# JLC Master Compressor Chronograph 1 or 2 - which one should I get?



## dfs74 (May 24, 2011)

I'm thinking about buying the MCC but not sure if I should get MCC1 or MCC2. It would be interesting to get your opinions on the two versions.

- What are the differences between MCC1 and MCC2 (besides the new dial)?
- Which one do you prefer?

Thanks!


----------



## Aliisloo (Feb 2, 2011)

dfs74 said:


> I'm thinking about buying the MCC but not sure if I should get MCC1 or MCC2. It would be interesting to get your opinions on the two versions.
> 
> - What are the differences between MCC1 and MCC2 (besides the new dial)?
> - Which one do you prefer?
> ...


AFAIK one of the big functional difference between the two is quick strap change system in MCC2 which allows to, well, change the strap quickly.

The difference between the two in terms of design is quite significant and I for one prefer MCC2, for relatively cleaner dial layout, though I still find it a bit busy.

Here is a good post by someone who has owned the both. TimeZone: Jaeger-LeCoultre: JLC MCC v MCC2


----------



## tim_s (Oct 30, 2009)

I can vouch for how good the quick change strap system is (as long as its identical to the EWC). It's like owning as many watches as you have straps if that makes sense


----------



## mfserge (Feb 26, 2010)

Aliisloo said:


> Here is a good post by someone who has owned the both. TimeZone: Jaeger-LeCoultre: JLC MCC v MCC2


As I mentioned on TZ, after owning both, I can say without a doubt that I prefer the MCC2 because of all the reason I previously listed. They're both great watches but the MCC2 has some great updates which tip the scales in its favor. Good luck on your decision.


----------



## joe.81 (Apr 17, 2011)

I recently bought the MCC2 after looking at the MCC1 for some time. For me it was the design of the dial more than anything else. Its also handy having the quick release for a rubber strap.


----------



## Bidle (Aug 5, 2006)

Also like the quick release. More watches should have it or something similar. Well some already do... Panerai, IWC..


----------



## greg ferrence (Dec 27, 2010)

I prefer the MMC 1 after first owning the MCC2. I returned the MCC2 for the MCC1. First off the MCC2 did not sit on my wrist correctly. The issue is the case back. Much different than the MCC1. It would not center. Same problem when 2 others tried it on at my AD. Secondly, the legibility of the dial is far superior on the MCC1 in my opinion. The wider strap and quick change on the MCC2 is nice, but not at the sacrafice of wearability.


----------



## joeycarlson38 (Jul 4, 2008)

*I picked the MCC2...*

While both versions provide a nice watch, I found the MCC2 to be more legible than it's predecessor. Also, the quick strap change mechanism was a nice addition. Additionally, I prefer the applied markers and the red sweep seconds hand. When I tried on both before deciding which to purchase I can say that I found little difference in how the two sat on my wrist. The MCC2 sits very comfortably on my 6.75 inch wrist.

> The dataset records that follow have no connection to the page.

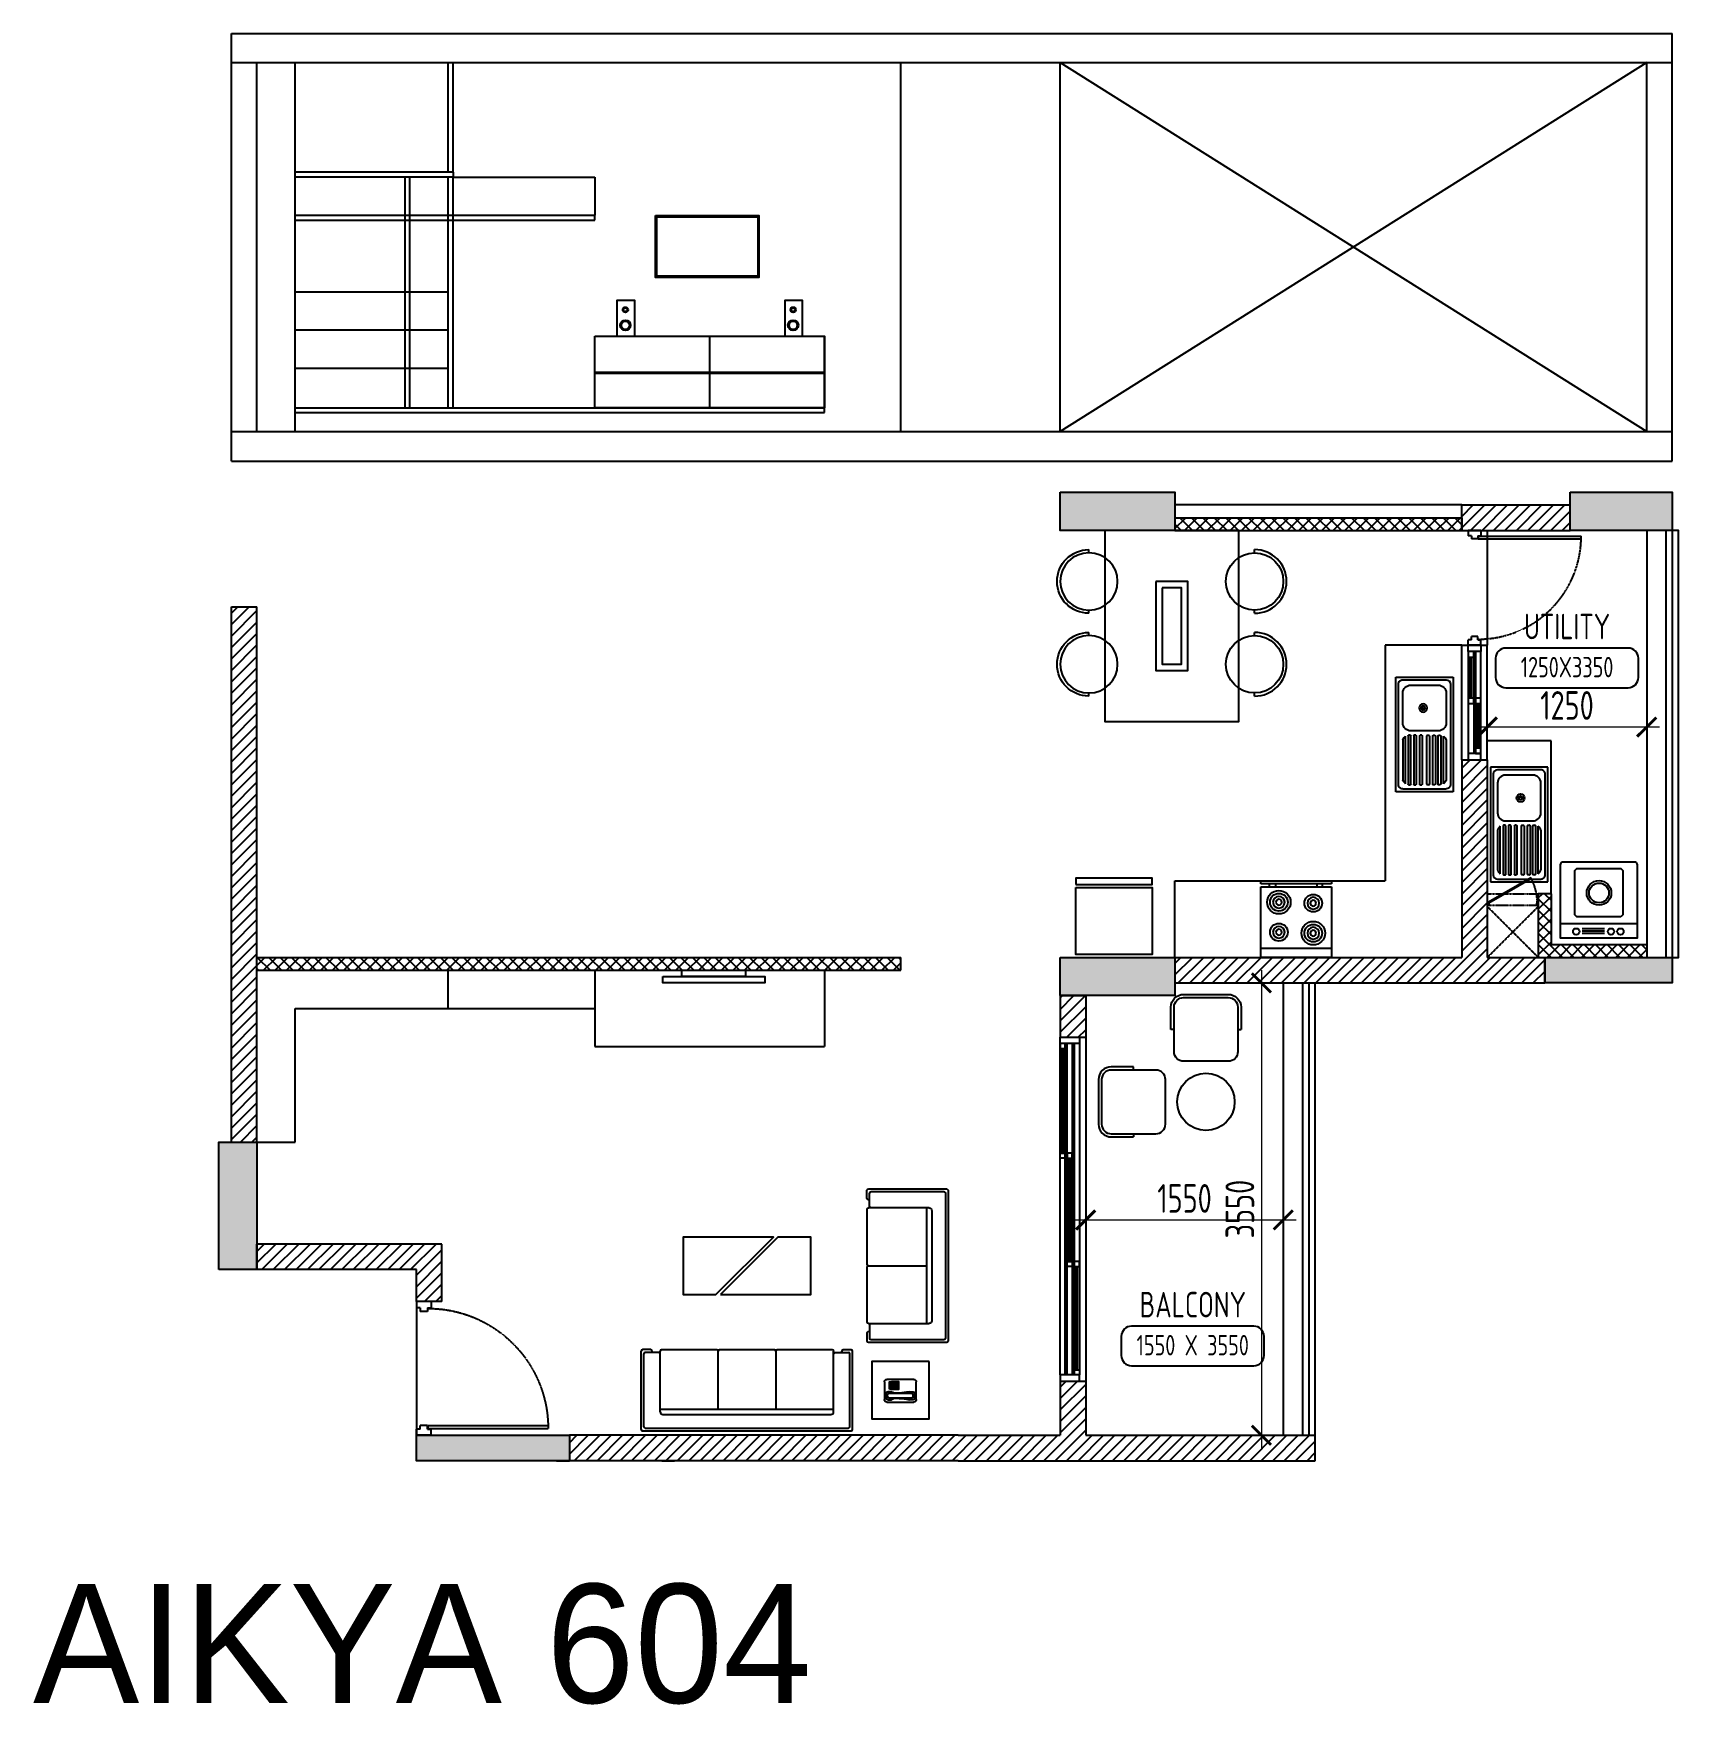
# Model space of a CAD drawing. Header units: millimetres. Extents: x -92307 to 258096, y -47434 to 112633.
# Drawn here: x 179472 to 192376, y -22061 to -8948 of the extents above; entities that cross this region are included whole.
import ezdxf
from ezdxf.enums import TextEntityAlignment as Align

# ---------------------------------------------------------------- set-up
doc = ezdxf.new("R2010")
doc.units = ezdxf.units.MM
doc.header["$LTSCALE"] = 10
doc.header["$PDMODE"] = 35
doc.header["$PDSIZE"] = 500
doc.linetypes.add('DASHED', pattern=[19.05, 12.7, -6.35])
doc.linetypes.add('HIDDEN', pattern=[9.525, 6.35, -3.175])
for name, color, linetype in [('07--DIM-1', 1, 'Continuous'), ('A--BLOCKWALL-1', 9, 'Continuous'), ('A--BLOCKWALL-2', 2, 'Continuous'), ('A--BLOCKWALL-3', 3, 'Continuous'), ('A--BLOCKWALL-HATCH', 8, 'Continuous'), ('A--DOWN', 34, 'Continuous'), ('A--FIXTURE-0', 8, 'Continuous'), ('A--FURNITURE-0', 253, 'Continuous'), ('A--GLAZING-0', 181, 'Continuous'), ('A--HANDRAIL-1', 9, 'Continuous'), ('A--HATCH-1', 8, 'Continuous'), ('A--SANITARY-0', 253, 'Continuous'), ('A--SHAFT-HIDDEN', 9, 'HIDDEN'), ('A--SPACENUMBER', 2, 'Continuous'), ('A--SPACENUMBER-1', 8, 'Continuous'), ('A--SPACEREF', 3, 'Continuous'), ('A--Stucture', 9, 'Continuous'), ('A--TILING-1', 8, 'Continuous'), ('Typical floor Column Centre line$0$X-3rd Floor Column$0$A--COL250', 250, 'Continuous'), ('Typical floor Column Centre line$0$X-3rd Floor Column$0$A--CONCRETE-4', 4, 'Continuous')]:
    doc.layers.add(name, color=color, linetype=linetype)
doc.styles.add('ISO', font='isocp2.shx', dxfattribs={"width": 0.8})
doc.dimstyles.new('A-DIM-100', dxfattribs={"dimscale": 100, "dimtxt": 2.25, "dimasz": 1.5, "dimexe": 1, "dimexo": 0.5, "dimgap": 0, "dimtad": 0, "dimdec": 0, "dimzin": 12, "dimdsep": 46, "dimtxsty": 'ISO', "dimblk": 'ARCHTICK', "dimcen": 1, "dimdle": 1, "dimclrd": 8, "dimclre": 8, "dimclrt": 256, "dimadec": 0, "dimazin": 3, "dimtfac": 1, "dimtdec": 0, "dimtmove": 1, "dimatfit": 2, "dimfxl": 1, "dimtvp": 0.75, "dimtolj": 1, "dimtzin": 12, "dimlwd": 18, "dimlwe": 18, "dimarcsym": 0})
pattern_1 = [(45, (184625.85, -23097.9), (-44.90128, 44.90128), [])]
pattern_2 = [(45, (184625.85, -23097.9), (-44.90128, 44.90128), []), (135, (184625.85, -23097.9), (-44.90128, -44.90128), [])]

# ---------------------------------------------------------------- blocks, each defined once
blk = doc.blocks.new('A$C542B73FF')
at = {"layer": 'A--FURNITURE-0'}
for points in [[(-400, 50), (400, 50), (400, 100), (-400, 100)], [(-250, 0), (250, 0), (250, 50), (-250, 50)]]:
    blk.add_lwpolyline(points, close=True, dxfattribs=at)
blk = doc.blocks.new('A$C383732B3')
for p, q in [((275, 250), (275, 275)), ((275, -250), (275, -275))]:
    blk.add_line(p, q)
blk.add_lwpolyline([(275, 275), (100, 275, 0.414214), (0, 175), (0, -175, 0.414214), (100, -275), (275, -275)], format="xyb")
blk.add_lwpolyline([(100, -250), (450, -250, 0.414214), (525, -175), (525, 175, 0.414214), (450, 250), (100, 250, 0.414214), (25, 175), (25, -175, 0.414214)], format="xyb", close=True)
blk = doc.blocks.new('A$C337B3EF4')
for p, q in [((0, 225), (0, 250)), ((0, -250), (0, -225))]:
    blk.add_line(p, q)
blk.add_circle((0, 0), 225)
blk.add_arc((0, 0), 250, 270, 90)
blk = doc.blocks.new('A$C666E5324')
at = {"layer": 'A--FURNITURE-0'}
for points in [[(0, -525), (-1500, -525), (-1500, 525), (0, 525)], [(-400, -125), (-1100, -125), (-1100, 125), (-400, 125)], [(-450, -75), (-1050, -75), (-1050, 75), (-450, 75)]]:
    blk.add_lwpolyline(points, close=True, dxfattribs=at)
at = {"layer": 'A--FURNITURE-0', "xscale": -1, "rotation": 270.000000000004}
for p in [(-1050, 650), (-400, 650)]:
    blk.add_blockref('A$C337B3EF4', p, dxfattribs=at)
at = {"layer": 'A--FURNITURE-0', "rotation": 270.000000000004}
for p in [(-1050, -650), (-400, -650)]:
    blk.add_blockref('A$C337B3EF4', p, dxfattribs=at)
blk = doc.blocks.new('A$C34D21E7E')
at = {"layer": 'A--DOWN'}
for p, q in [((-150, 2450), (-150, -150)), ((-110, 2450), (-110, -150)), ((-95, 2450), (-95, -150)), ((-55, -150), (-55, 2450)), ((-40, -150), (-40, 2450)), ((0, -150), (0, 2450))]:
    blk.add_line(p, q, dxfattribs=at)
for points in [[(-150, 2450), (0, 2450), (0, 2500), (-150, 2500)], [(-40, 2450), (0, 2450), (0, 2410), (-40, 2410)], [(-95, 1590), (-55, 1590), (-55, 1550), (-95, 1550)], [(-40, 1550), (0, 1550), (0, 1590), (-40, 1590)], [(-150, 740), (-110, 740), (-110, 700), (-150, 700)], [(-95, 700), (-55, 700), (-55, 740), (-95, 740)], [(-150, -150), (-110, -150), (-110, -110), (-150, -110)], [(-150, -150), (0, -150), (0, -200), (-150, -200)]]:
    blk.add_lwpolyline(points, close=True, dxfattribs=at)
at = {"layer": 'A--GLAZING-0'}
for p, q in [((-25, 1590), (-25, 2410)), ((-15, 1590), (-15, 2410)), ((-80, 740), (-80, 1550)), ((-70, 740), (-70, 1550)), ((-135, -110), (-135, 700)), ((-125, -110), (-125, 700))]:
    blk.add_line(p, q, dxfattribs=at)
blk = doc.blocks.new('A$C1CBF2325')
at = {"layer": 'A--DOWN'}
for p, q in [((100, 0), (0, 0)), ((0, 0), (0, -42)), ((100, 0), (100, -42)), ((25, -42), (0, -42)), ((25, -42), (25, -67)), ((75, -67), (25, -67)), ((75, -42), (75, -67)), ((75, -42), (100, -42)), ((79, -46), (79, -67)), ((79, -46), (886, -46)), ((79, -67), (886, -67)), ((886, -67), (886, -46)), ((25, -858), (0, -858)), ((0, -900), (0, -858)), ((75, -833), (25, -833)), ((25, -858), (25, -833)), ((75, -858), (75, -833)), ((75, -858), (100, -858)), ((100, -900), (100, -858)), ((100, -900), (0, -900))]:
    blk.add_line(p, q, dxfattribs=at)
at = {"layer": 'A--DOWN', "color": 8, "linetype": 'DASHED', "ltscale": 0.005}
blk.add_arc((79, -46), 807, 269.7319, 358.5291, dxfattribs=at)
blk = doc.blocks.new('A$C35654C4B')
at = {"layer": 'A--BLOCKWALL-1'}
for p, q in [((-900, 200), (0, 200)), ((-900, 0), (0, 0))]:
    blk.add_line(p, q, dxfattribs=at)
at = {"layer": 'A--DOWN'}
for p, q in [((-50, 150), (-850, 150)), ((-50, 107), (-850, 107)), ((-850, 50), (-50, 50)), ((-50, 93), (-807, 93))]:
    blk.add_line(p, q, dxfattribs=at)
for points in [[(-850, 50), (-850, 150), (-900, 150), (-900, 50)], [(-416, 107), (-416, 150), (-459, 150), (-459, 107)], [(-50, 107), (-50, 150), (-93, 150), (-93, 107)], [(-50, 50), (-50, 150), (0, 150), (0, 50)], [(-807, 50), (-807, 93), (-850, 93), (-850, 50)], [(-416, 50), (-416, 93), (-459, 93), (-459, 50)]]:
    blk.add_lwpolyline(points, close=True, dxfattribs=at)
at = {"layer": 'A--GLAZING-0'}
for p, q in [((-416, 136), (-93, 136)), ((-807, 78), (-459, 78)), ((-807, 64), (-459, 64)), ((-416, 122), (-93, 122))]:
    blk.add_line(p, q, dxfattribs=at)
blk = doc.blocks.new('A$C47D60FF3')
at = {"layer": 'A--FIXTURE-0'}
blk.add_lwpolyline([(-0.075, 0.6), (-0.075, 0), (-0.6, 0), (-0.6, 0.6)], close=True, dxfattribs=at)
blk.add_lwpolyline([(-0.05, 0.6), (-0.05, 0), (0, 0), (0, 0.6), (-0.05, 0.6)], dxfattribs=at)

I posted some pics and thoughts over on the TZ JLC forum a couple months ago...just search under MCC2 

best of luck,
Joe C.


----------



## vladinecko (Aug 7, 2013)

*Re: I picked the MCC2...*

sorry to revive an old thread but i'm currently in the same boat. i prefer the looks of MCC2 but a used MCC1 can be had for ~$7k at this point so it seems like a better value.

does anyone know if there is a significant difference in calibre 751 (MCC1) and 751F (MCC2). i can't seem to find much info about it. thanks!


----------



## hoppes-no9 (Jun 13, 2010)

*Re: I picked the MCC2...*



vladinecko said:


> i prefer the looks of MCC2 but a used MCC1 can be had for ~$7k at this point so it seems like a better value.


That's about the going rate for used MCC2's as well.


----------



## AlistairD (Jun 25, 2011)

*Re: I picked the MCC2...*

IMHO you need to try them both and see... I thought I'd really like the MCC2 (and I haven't tried an MCC) but when I tried it on, it didn't do much for me. I still really like the watch, just not on my wrist.

A


----------



## vladinecko (Aug 7, 2013)

*Re: I picked the MCC2...*



hoppes-no9 said:


> That's about the going rate for used MCC2's as well.


i just pulled the trigger on a MCC2. i really wanted MCC1 with a stainless steel band (my MCC2 will have a standard leather strap) but i couldn't find one at a reasonable price and since i suffer from a major case of impatience, i figured i'll learn to love the leather strap and/or get the SS version of it later on.

as far as design details go, i think MCC1 has a more unique appeal. the white-backed, oversized font on the hour dial really stands out to me. MCC2 seems like a tamed version of MCC1. MCC2 also has the date angled in between 3 and 4 hour marker, white on black, which is much less readable to me than black on white at 6 o'clock on the MCC1.

either way, i have no major problem with one or the other; i knew i'd love either of them equally for different things so i hope i won't have any regrets.

i'll post some pics once it arrives...


----------



## danandsueco (Jul 15, 2013)

*Re: I picked the MCC2...*



vladinecko said:


> i just pulled the trigger on a MCC2. i really wanted MCC1 with a stainless steel band (my MCC2 will have a standard leather strap) but i couldn't find one at a reasonable price and since i suffer from a major case of impatience, i figured i'll learn to love the leather strap and/or get the SS version of it later on.
> 
> as far as design details go, i think MCC1 has a more unique appeal. the white-backed, oversized font on the hour dial really stands out to me. MCC2 seems like a tamed version of MCC1. MCC2 also has the date angled in between 3 and 4 hour marker, white on black, which is much less readable to me than black on white at 6 o'clock on the MCC1.
> 
> ...


Congrats. Looking forward to those pics. MCC2 was on my list as well but others have since moved above it.


----------



## Kattato Garu (Jan 17, 2014)

*Re: I picked the MCC2...*



danandsueco said:


> Congrats. Looking forward to those pics. MCC2 was on my list as well but others have since moved above it.


So - did you get it and did it meet your expectations?;-)


----------